As a digression, there is no destructive processing in R language (a copy is made internally every time), so there is no way to improve the efficiency of such programs, and it is a general-purpose programming language that can be used properly depending on the case. I think it is one of the merits of using a certain Python.

To put it a little esoteric, it is necessary to consider the trade-off with the efficiency of the program, keeping in mind "** localizing side effects **". I just quote the article "Unit Testing in R" because it had a good picture.

image.png

Effects other than the function's input (argument) and output (returned value) are called side effects. Data other than arguments (global variables, external databases), etc.

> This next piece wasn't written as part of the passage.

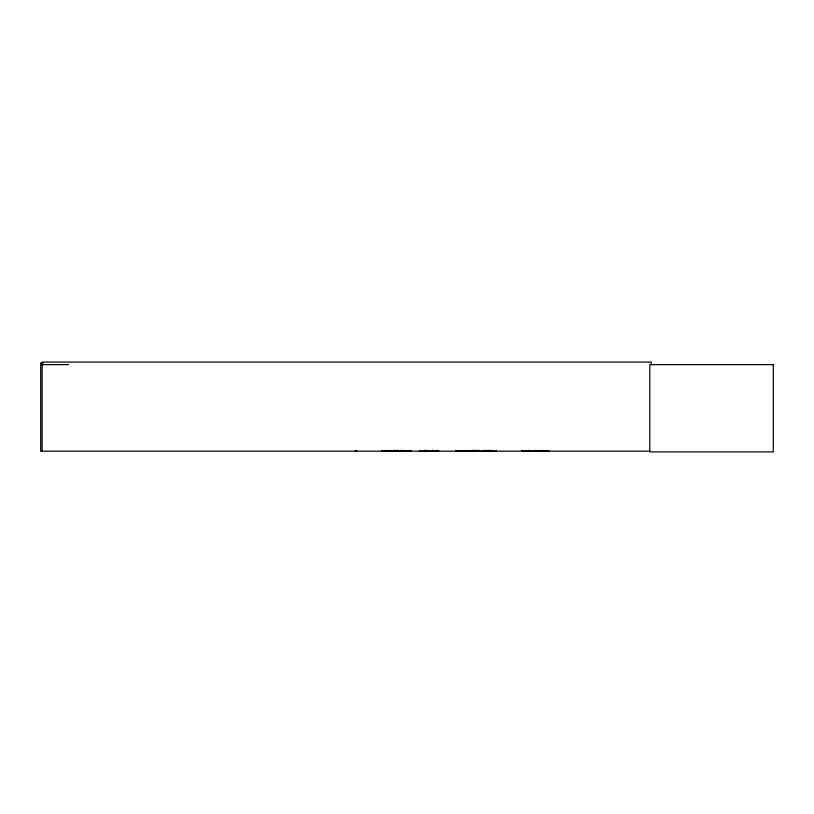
<?xml version="1.0" encoding="UTF-8"?>
<svg xmlns="http://www.w3.org/2000/svg" width="814" height="814" viewBox="0 0 814 814"><rect width="100%" height="100%" fill="white"/><g stroke="black" fill="none" stroke-linecap="round" stroke-linejoin="round"><path stroke-width="1.22" d="M388.125 451.149L388.125 450.457M401.21 451.149L401.221 450.457M496.55 451.149L478.774 451.149L478.836 450.457M402.208 451.088L402.075 450.274M419.322 451.18L438.858 451.109M419.709 451.088L419.78 450.518M43.244 363.003L40.7 363.003L40.7 451.18L649.959 451.18M40.7 364.641L68.62 364.641M381.807 450.61L411.05 450.61M455.626 450.61L471.917 450.61M381.776 450.844L411.08 450.824M455.596 450.844L471.957 450.844M381.786 451.129L411.07 451.129M455.606 451.129L471.937 451.129L471.896 450.457M521.957 450.997L535.052 451.088L535.052 450.457M548.677 450.997L535.581 451.088L535.581 450.457M429.222 451.088L429.161 450.518L429.1 451.18M408.435 451.068L408.374 450.457M396.733 451.068L396.683 450.457M496.316 451.068L496.265 450.457M484.31 451.088L484.279 450.518M651.231 364.641L651.231 362.088L42.135 362.088L42.135 451.18M548.677 450.457L548.677 451.18M542.358 450.274L542.358 451.18M541.9 450.274L541.9 451.18M528.734 450.274L528.734 451.18M528.276 450.274L528.276 451.18M521.957 450.457L521.957 451.18M489.886 450.274L489.886 451.18M489.468 450.274L489.468 451.18M485.856 450.274L485.856 451.18M485.439 450.274L485.439 451.18M484.238 450.457L484.238 451.18M479.059 450.457L479.059 451.18M478.52 450.457L478.571 451.18M478.286 450.457L478.194 451.18M477.665 450.457L477.665 451.18M477.564 450.457L477.564 451.18M477.258 450.457L477.258 451.18M477.096 450.457L477.096 451.18M476.79 450.457L476.79 451.18M476.516 450.457L476.516 451.18M476.221 450.457L476.221 451.18M476.068 450.457L476.068 451.18M475.793 450.457L475.793 451.18M475.6 450.457L475.539 451.18M475.02 450.457L475.02 451.18M474.318 450.457L474.318 451.18M474.104 450.457L474.104 451.18M473.779 450.457L473.779 451.18M473.168 450.457L473.168 451.18M473.046 450.457L473.046 451.18M472.873 450.457L472.771 451.18M472.578 450.457L472.578 451.18M472.435 450.457L472.395 451.18M472.161 450.457L472.161 451.18M471.601 450.457L471.601 451.18M438.349 450.457L438.349 451.18M432.855 450.274L432.855 451.18M432.539 450.274L432.539 451.18M425.661 450.274L425.661 451.18M425.335 450.274L425.335 451.18M419.841 450.457L419.841 451.18M402.503 450.457L402.503 451.18M401.668 450.274L401.668 451.18M397.507 450.274L397.507 451.18M397.1 450.274L397.1 451.18M394.454 450.274L394.434 451.18M390.801 450.457L390.801 451.18M390.578 450.457L390.578 451.18M390.201 450.457L390.201 451.18M389.601 450.457L389.601 451.18M389.245 450.457L389.245 451.18M356.634 450.457L356.634 451.18M356.278 450.457L356.278 451.18M355.667 450.457L355.667 451.18M355.291 450.457L355.291 451.18M491.056 450.997L491.086 450.457L491.056 450.997M773.3 364.641L649.796 364.641L649.796 451.912L773.3 451.912L773.3 364.641M474.623 451.18L474.623 450.457L474.603 451.18M394.912 451.18L394.912 450.274L394.892 451.18"/></g></svg>

Using a function that has no side effects (pure function) has advantages such as "easy to test" and "easy to reuse". For example, if you write code in pytest, the test will end easily,

def test_f():
    x = [1, 2, 3]
    y = f(x)
    assert y == [1, 2, 3, 4, 5, 6]

If you are throwing SQL to the database in the function f or accepting input from the terminal, you can not test it as it is (you need to write code to prepare a mock object), and the argument x is intended If it is destroyed without it, the check is often missed.

In other words, if the effects of destructive operations are contained only inside the function, I don't think it is necessary to force the code into non-destructive code. For example, the following code does a destructive operation called ʻappend, but since the function f` has no external effect (no side effects), there is no problem in testing and reuse.

def f(x):
    matrix = []
    for i in range(x):
        row = []
        for j in range(x):
            if i == j:
                row.append(1)
            else:
                row.append(0)
        matrix.append(row)
    return matrix

You also need to be aware of side effects other than destructive operations. I will tell you each time because it seems to be long, but if you give me one piece of advice

  1. Read the required data (with side effects)
  2. Receive the data of ① and perform complicated numerical calculation (no side effects)
  3. Output the result of ② (with side effects)

I think it's good to implement it in the form of, because it makes it easier for data scientists to test and reuse the numerical calculation part that should really add value.

(Completely aside, some languages are forced to strictly separate pure functions from functions with side effects, and Land of Lisp's Cartoon of Side Effects Use /archives/51854832.html) laughs so much so please read it)

Summary

I summarized it. Please comment if you make a mistake.

Recommended Posts

All the destructive methods that data scientists should know
Tips (data structure) that you should know when programming competitive programming with Python2
[Data analysis] Should I buy the Harumi flag?